GSgnnLinkPredictionTestDataLoader
- class graphstorm.dataloading.GSgnnLinkPredictionTestDataLoader(dataset, target_idx, batch_size, num_negative_edges, fanout=None, fixed_test_size=None, node_feats=None, edge_feats=None, pos_graph_edge_feats=None)
Bases:
GSgnnLinkPredictionDataLoaderBaseMini-batch dataloader for link prediction validation and test. In order to efficiently compute positive and negative scores for link prediction tasks,
GSgnnLinkPredictionTestDataLoaderis designed to only generates edges, i.e., source and destination node pairs.The negative edges are sampled uniformly.
Parameters
- dataset: GSgnnData
The GraphStorm data.
- target_idxdict of Tensors
The target edge indexes for link prediction.
- batch_size: int
Mini-batch size.
- num_negative_edges: int
The number of negative edges per positive edge.
- fanout: list of int, or dict of list
Neighbor sampling fanout. If it’s a dict of list, it indicates the fanout for each edge type.
- fixed_test_size: int
Fixed number of test data used in evaluation. If it is none, use the whole testset. When test is huge, using fixed_test_size can save validation and test time. Default: None.
- node_feats: str, or dict of list of str
Node feature fileds in three possible formats:
string: All nodes have the same feature name.
list of string: All nodes have the same list of features.
dict of list of string: Each node type have different set of node features.
Default: None.
- edge_feats: str, or dict of list of str
Edge feature fileds in three possible formats:
string: All edges have the same feature name.
list of string: All edges have the same list of features.
dict of list of string: Each edge type have different set of edge features.
Default: None.
- pos_graph_edge_feats: str or dict of list of str
The edge feature fields used by positive graph in link prediction. For example edge weight. Default: None.
- __iter__()
Returns an iterator object.
- __next__()
Return a mini-batch for link prediction.
A mini-batch of link prediction contains four objects:
the input node IDs of the mini-batch.
the target positive edges for prediction.

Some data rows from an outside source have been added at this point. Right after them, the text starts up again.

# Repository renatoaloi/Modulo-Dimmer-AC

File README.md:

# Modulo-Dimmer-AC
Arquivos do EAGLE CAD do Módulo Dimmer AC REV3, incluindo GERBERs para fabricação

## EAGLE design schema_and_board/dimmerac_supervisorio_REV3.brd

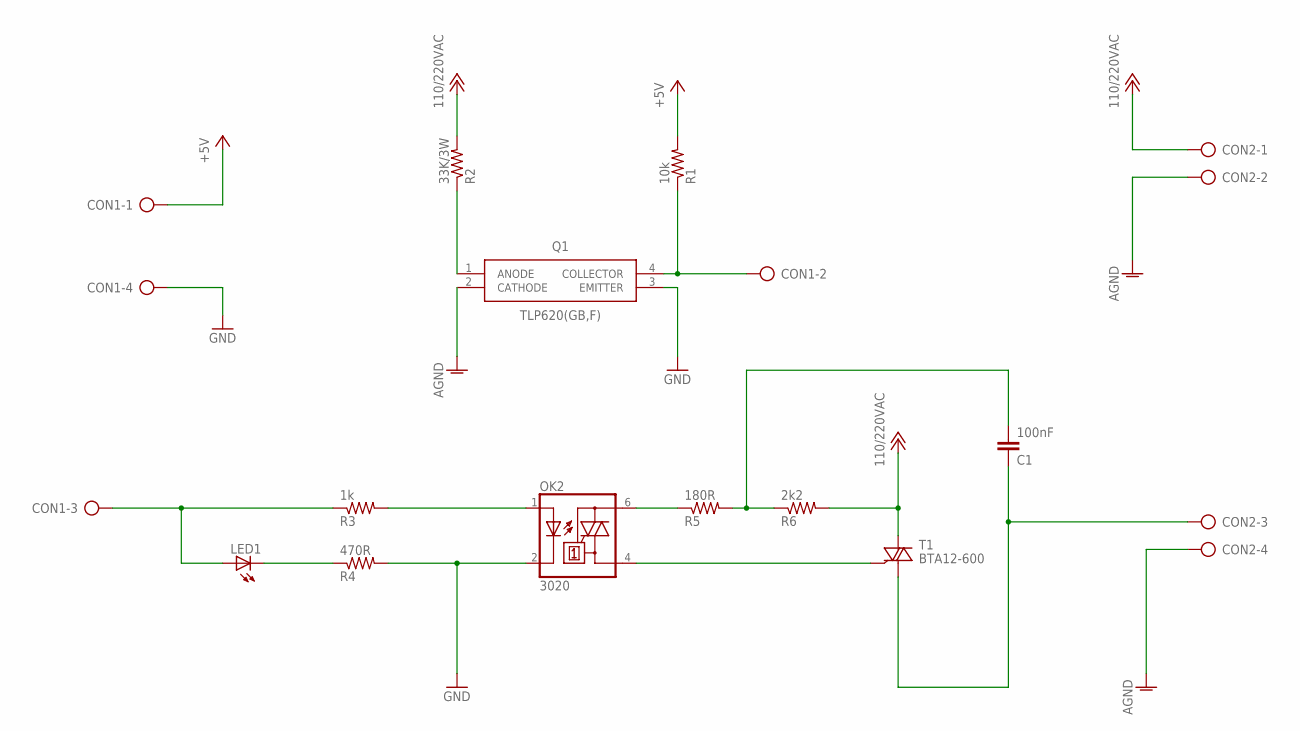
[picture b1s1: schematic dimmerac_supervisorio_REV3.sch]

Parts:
C1: 100nF; C15B7
CON1, CON2: AK500/4
LED1: LED5MM
OK2: 3020; DIL06
Q1: TLP620(GB,F); DIP762W60P254L448H380Q4N
R1: 10k; AXIAL-0.3
R2: 33K/3W; AXIAL-0.6
R3: 1k; AXIAL-0.3
R4: 470R; AXIAL-0.3
R5: 180R; AXIAL-0.3
R6: 2k2; AXIAL-0.3
T1: BTA12-600; TO220BH

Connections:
+5V: CON1.1, R1.P$2 (2)
+12V: CON2.1, R2.P$2 (2), R6.P$2 (2), T1.T2 (A2)
AGND: CON2.2, CON2.4, Q1.2 (CATHODE)
GND: CON1.4, OK2.2 (C), Q1.3 (EMITTER), R4.P$2 (2)
unnamed: CON1.2, Q1.4 (COLLECTOR), R1.P$1 (1)
unnamed: Q1.1 (ANODE), R2.P$1 (1)
unnamed: OK2.1 (A), R3.P$2 (2)
unnamed: LED1.K (C), R4.P$1 (1)
unnamed: CON1.3, LED1.A, R3.P$1 (1)
unnamed: OK2.4 (A1), T1.G
unnamed: OK2.6 (A2), R5.P$1 (1)
unnamed: C1.2, R5.P$2 (2), R6.P$1 (1)
unnamed: C1.1, CON2.3, T1.T1 (A1)

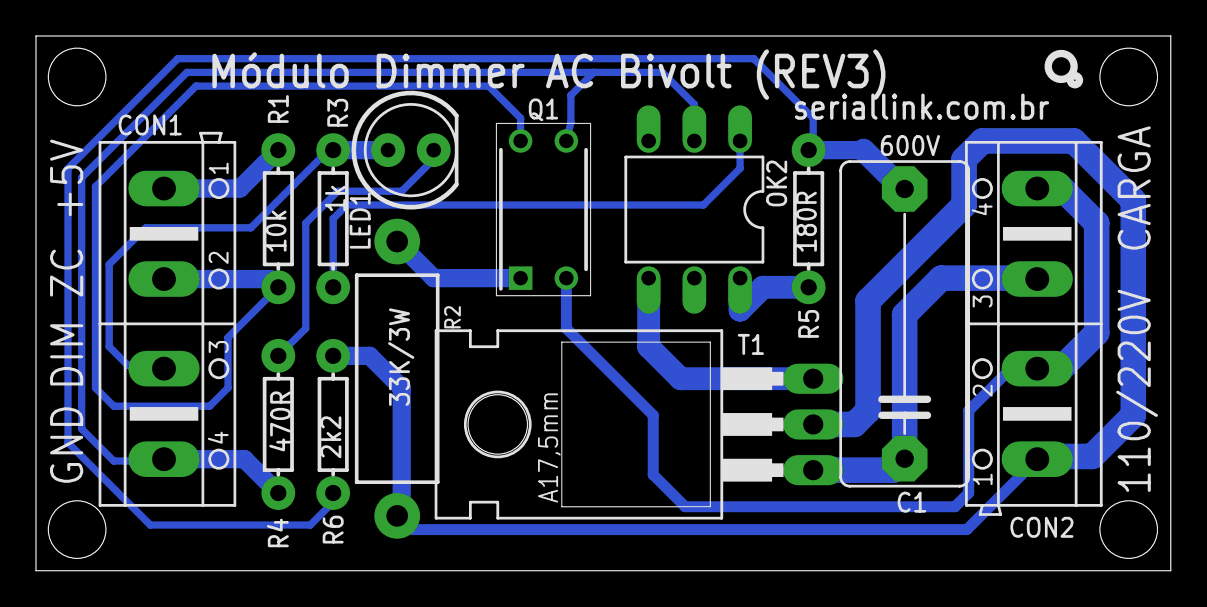
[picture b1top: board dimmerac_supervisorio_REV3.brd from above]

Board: 2 copper layers, 63.0 x 29.7 mm, 13 parts (0 on the bottom side), 13 nets.

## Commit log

2017-10-30 Incluindo arquivos BRD, SCH e GERBER
2017-10-30 atualizando arquivos

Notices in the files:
parts and their libraries:
SparkFun-LED: Licensing: CC v3.0 Share-Alike You are welcome to use this library for commercial purposes.
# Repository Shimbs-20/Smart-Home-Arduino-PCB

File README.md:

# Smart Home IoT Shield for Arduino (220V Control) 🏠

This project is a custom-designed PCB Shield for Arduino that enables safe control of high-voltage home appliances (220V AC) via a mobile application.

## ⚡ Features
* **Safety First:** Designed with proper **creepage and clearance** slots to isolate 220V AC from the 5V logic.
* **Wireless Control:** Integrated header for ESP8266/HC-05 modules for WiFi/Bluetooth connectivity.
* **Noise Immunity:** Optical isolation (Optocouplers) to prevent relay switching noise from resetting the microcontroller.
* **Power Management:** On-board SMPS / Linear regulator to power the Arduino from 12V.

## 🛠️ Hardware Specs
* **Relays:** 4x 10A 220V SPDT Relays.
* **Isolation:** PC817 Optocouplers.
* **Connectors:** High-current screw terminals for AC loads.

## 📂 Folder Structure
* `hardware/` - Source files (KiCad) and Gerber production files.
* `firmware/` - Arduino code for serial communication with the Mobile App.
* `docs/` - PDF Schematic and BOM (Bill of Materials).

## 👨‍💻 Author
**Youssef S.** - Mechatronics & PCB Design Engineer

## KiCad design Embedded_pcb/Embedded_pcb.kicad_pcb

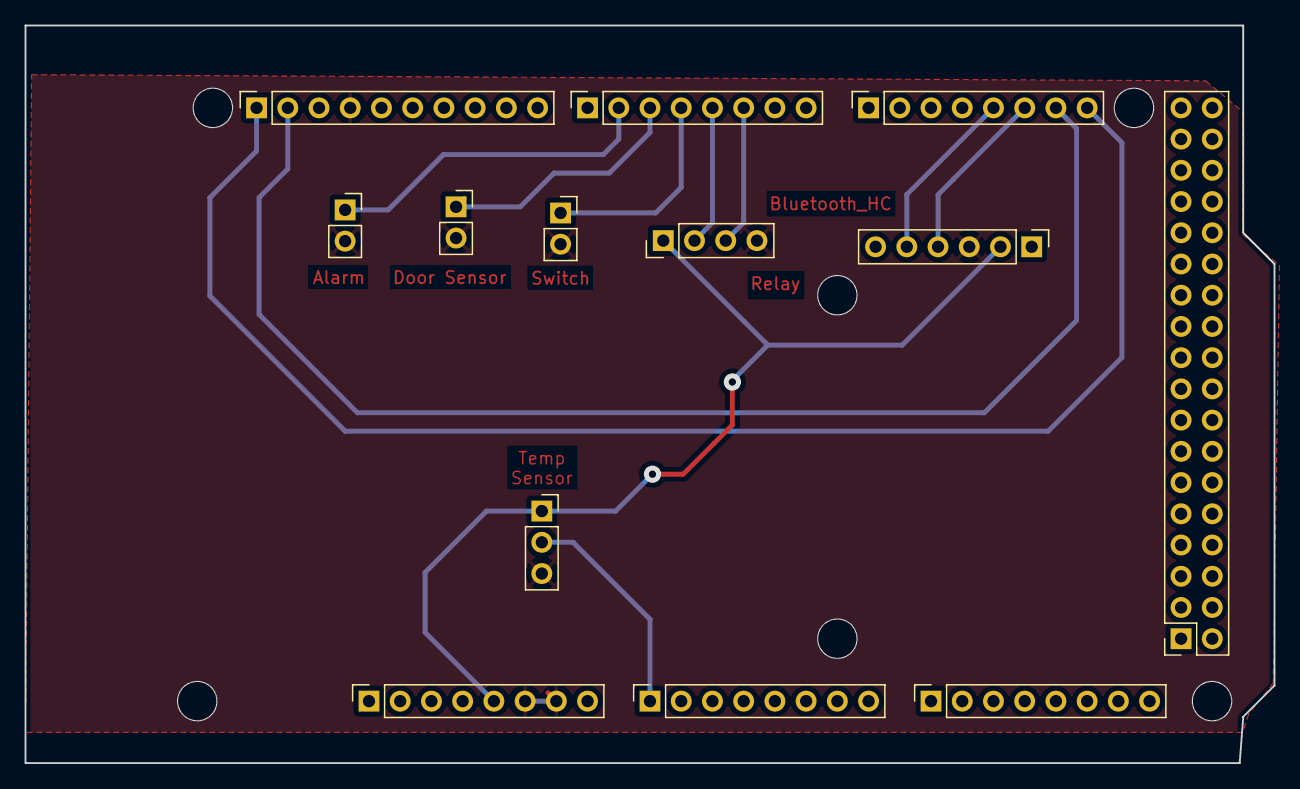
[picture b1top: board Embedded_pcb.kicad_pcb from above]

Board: 2 copper layers, 101.6 x 60.0 mm, 19 parts (0 on the bottom side), 12 nets.

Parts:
J1: Power; PinSocket_1x08_P2.54mm_Vertical
J2: PWM; PinSocket_1x10_P2.54mm_Vertical
J3, J5: Analog; PinSocket_1x08_P2.54mm_Vertical
J4: PWM; PinSocket_1x08_P2.54mm_Vertical
J6: Communication; PinSocket_1x08_P2.54mm_Vertical
J7: Digital; PinSocket_2x18_P2.54mm_Vertical
J8: Bluetooth_HC; PinHeader_1x06_P2.54mm_Vertical
J9: Relay; PinHeader_1x04_P2.54mm_Vertical
J10: Door Sensor; PinSocket_1x02_P2.54mm_Vertical
J11: Switch; PinSocket_1x02_P2.54mm_Vertical
J12: Conn_01x03; PinSocket_1x03_P2.54mm_Vertical
J13: Alarm; PinSocket_1x02_P2.54mm_Vertical
MH1, MH2, MH3, MH4, MH5, MH6: MountingHole_3.2mm

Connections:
+5V: J1.5, J8.2, J9.1, J12.1
/*2: J4.6, J9.3
/*3: J4.5, J9.2
/*4: J4.4, J11.1
/*5: J4.3, J10.1
/*6: J4.2, J13.1
/A0: J3.1, J12.2
/BT_RX: J6.5, J8.5
/BT_TX: J6.6, J8.4
/SCL/21: J2.1, J6.8
/SDA/20: J2.2, J6.7
GND: J1.6, J1.7, J2.4, J8.3, J9.4, J10.2, J11.2, J12.3, J13.2

the sampled negative edges for prediction.
the sampled subgraph in the list of DGL message flow graph (MFG) format. More detailed information about DGL MFG can be found in DGL Neighbor Sampling Overview.
Returns
Tensor or dict of Tensors: the input nodes of a mini-batch.
DGLGraph: positive edges.
DGLGraph: negative edges.
list of DGL MFGs : the list of DGL message flow graphs (MFGs) for message passing. More detailed information about DGL MFG can be found in DGL Neighbor Sampling Overview.